By Kit Roberts
LAST week, following an appeal by the Foreign Office, the UK’s Supreme Court ruled that ISIS bride Shamima Begum should not be permitted to return to the UK to fight her appeal.
The decision came after the Court of Appeal had ruled that the best way to proceed with the case would be to allow Begum to return to face trial.
The Foreign Office, which under Sajid Javid had removed Begum’s British citizenship in 2019, appealed to the Supreme Court to overturn the decision. Their appeal was upheld, meaning, Begum will not be allowed to return to the UK, and will effectively remain stateless.

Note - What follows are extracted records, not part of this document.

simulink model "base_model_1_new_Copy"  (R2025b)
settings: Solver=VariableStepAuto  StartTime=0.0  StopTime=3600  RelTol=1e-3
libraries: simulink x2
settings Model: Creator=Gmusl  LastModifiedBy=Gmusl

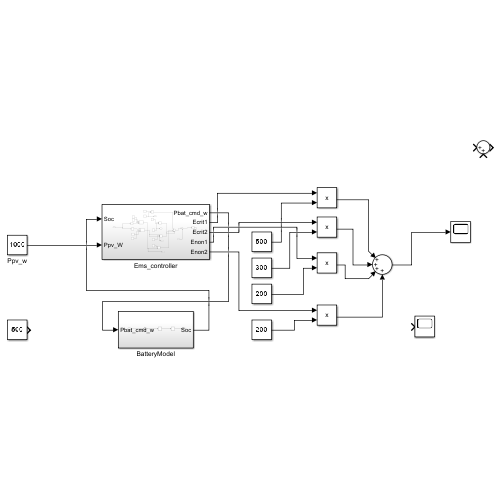
[thumbnail: Simulink's stored preview of the top-level diagram]
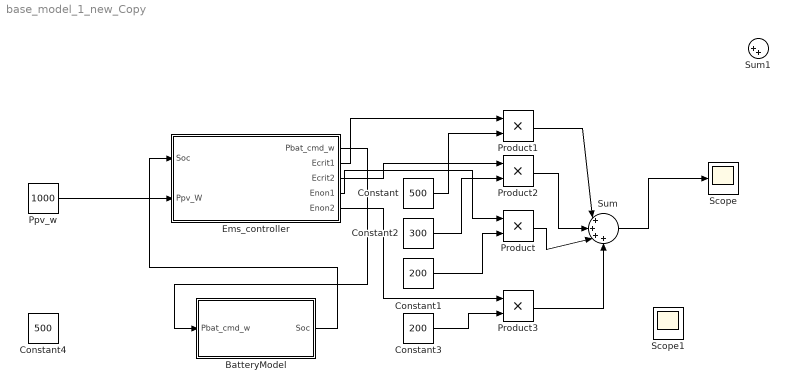
== system base_model_1_new_Copy ==
  BatteryModel : Subsystem
  Constant : Constant  Value=500
  Constant1 : Constant  Value=200
  Constant2 : Constant  Value=300
  Constant3 : Constant  Value=200
  Constant4 : Constant  Value=500
  Ems_controller : Subsystem
  Ppv_w : Constant  Value=1000
  Product{,1..3} (4 alike) : Product
  Scope : Scope
      settings: ActiveDisplayYMinimum=0  ActiveDisplayYMaximum=1
  Scope1 : Scope
      settings: ActiveDisplayYMinimum=-0.47972213353852167  ActiveDisplayYMaximum=1.7031524548434163
  Sum : Sum  Inputs=|++++
  Sum1 : Sum  Inputs=|++
  wires:
  Ppv_w/1 -> Ems_controller/2(Ppv_W)
  Ems_controller/2(Ecrit1) -> Product1/1
  Constant/1 -> Product1/2
  Ems_controller/3(Ecrit2) -> Product2/1
  Constant2/1 -> Product2/2
  Ems_controller/4(Enon1) -> Product/1
  Constant1/1 -> Product/2
  Ems_controller/5(Enon2) -> Product3/1
  Constant3/1 -> Product3/2
  Product1/1 -> Sum/1
  Product2/1 -> Sum/2
  Product/1 -> Sum/3
  Product3/1 -> Sum/4
  Sum/1 -> Scope/1
  BatteryModel/1(Soc) -> Ems_controller/1(Soc)
  Ems_controller/1(Pbat_cmd_w) -> BatteryModel/1(Pbat_cmd_w)

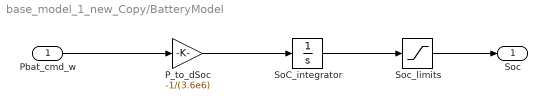
== system base_model_1_new_Copy/BatteryModel ==
  Pbat_cmd_w : Inport
  P_to_dSoc : Gain  Gain=-1/(3.6e6)
  SoC_integrator : Integrator  InitialCondition=0.8
  Soc_limits : Saturate  UpperLimit=0.95  LowerLimit=0.2
  Soc : Outport
  wires:
  Pbat_cmd_w/1 -> P_to_dSoc/1
  P_to_dSoc/1 -> SoC_integrator/1
  SoC_integrator/1 -> Soc_limits/1
  Soc_limits/1 -> Soc/1

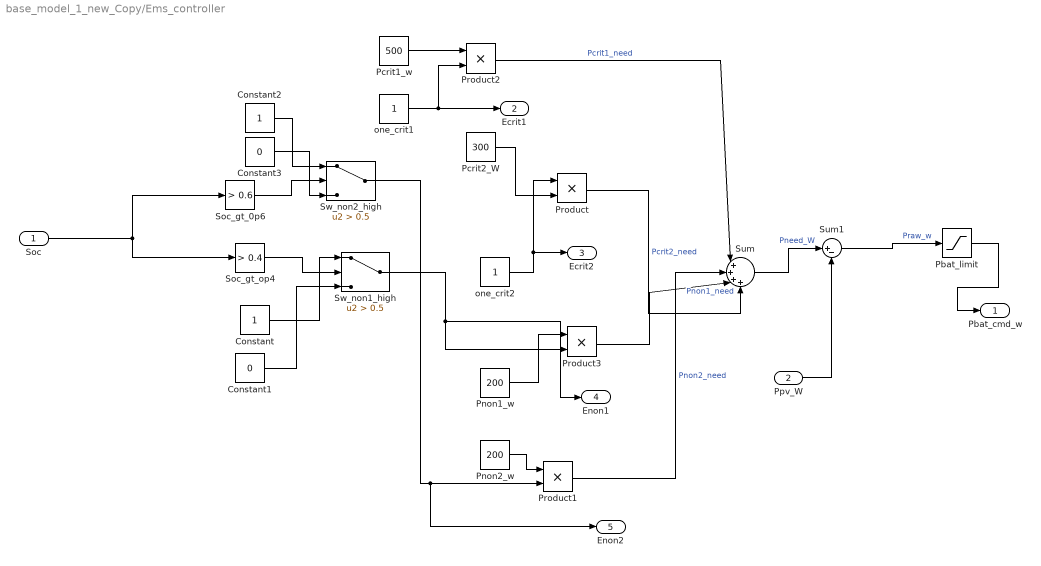
== system base_model_1_new_Copy/Ems_controller ==
  Soc : Inport
  Ppv_W : Inport  Port=2
  Constant : Constant
  Constant1 : Constant  Value=0
  Constant2 : Constant
  Constant3 : Constant  Value=0
  Pbat_limit : Saturate  UpperLimit=2000  LowerLimit=-2000
  Pcrit1_w : Constant  Value=500
  Pcrit2_W : Constant  Value=300
  Pnon1_w : Constant  Value=200
  Pnon2_w : Constant  Value=200
  Product{,1..3} (4 alike) : Product
  Soc_gt_0p6 : simulink/Logic and Bit Operations/Compare To Constant  relop=>  const=0.6  OutDataTypeStr=boolean
  Soc_gt_op4 : simulink/Logic and Bit Operations/Compare To Constant  relop=>  const=0.4  OutDataTypeStr=boolean
  Sum : Sum  Inputs=|++++
  Sum1 : Sum  Inputs=|+-
  Sw_non1_high : Switch  Criteria=u2 > Threshold  Threshold=0.5  SaturateOnIntegerOverflow=off  InputSameDT=off
  Sw_non2_high : Switch  Criteria=u2 > Threshold  Threshold=0.5  SaturateOnIntegerOverflow=off  InputSameDT=off
  one_crit1 : Constant
  one_crit2 : Constant
  Pbat_cmd_w : Outport
  Ecrit1 : Outport  Port=2
  Ecrit2 : Outport  Port=3
  Enon1 : Outport  Port=4
  Enon2 : Outport  Port=5
  wires:
  one_crit1/1 -> Product2/2, Ecrit1/1
  Soc/1 -> Soc_gt_0p6/1, Soc_gt_op4/1
  Soc_gt_op4/1 -> Sw_non1_high/2
  Constant/1 -> Sw_non1_high/1
  Constant1/1 -> Sw_non1_high/3
  Soc_gt_0p6/1 -> Sw_non2_high/2
  Constant3/1 -> Sw_non2_high/3
  Constant2/1 -> Sw_non2_high/1
  Pcrit1_w/1 -> Product2/1
  Product2/1 -> Sum/1  "Pcrit1_need"
  one_crit2/1 -> Product/1, Ecrit2/1
  Pcrit2_W/1 -> Product/2
  Product/1 -> Sum/4  "Pcrit2_need"
  Sw_non1_high/1 -> Enon1/1, Product3/2
  Pnon1_w/1 -> Product3/1
  Product3/1 -> Sum/3  "Pnon1_need"
  Sw_non2_high/1 -> Enon2/1, Product1/2
  Pnon2_w/1 -> Product1/1
  Product1/1 -> Sum/2  "Pnon2_need"
  Sum/1 -> Sum1/1  "Pneed_W"
  Ppv_W/1 -> Sum1/2
  Sum1/1 -> Pbat_limit/1  "Praw_w"
  Pbat_limit/1 -> Pbat_cmd_w/1

The backlash from legal experts has rightly been damning. Leaving aside the fact that Begum was fifteen when she left the country and was groomed and abused during her time with ISIS, the decision sets a worrying legal precedent.
By having her citizenship revoked, Begum has effectively been punished for a crime of which she has not been convicted. Although the evidence against her is overwhelming, in appealing for this outcome, the government has disregarded the justice system and abdicated the legal responsibility for Begum.
No matter the crime, Begum has a right to a fair trial in her country of origin.
In upholding this appeal, the Supreme Court has effectively allowed unhindered executive power to completely dictate the direction of one individual’s life. When an individual cannot rely on their Secretary of State to protect their rights, then they must turn to the courts. Without the courts, there is nothing to stop the executive, the government, from making life changing decisions completely unchecked.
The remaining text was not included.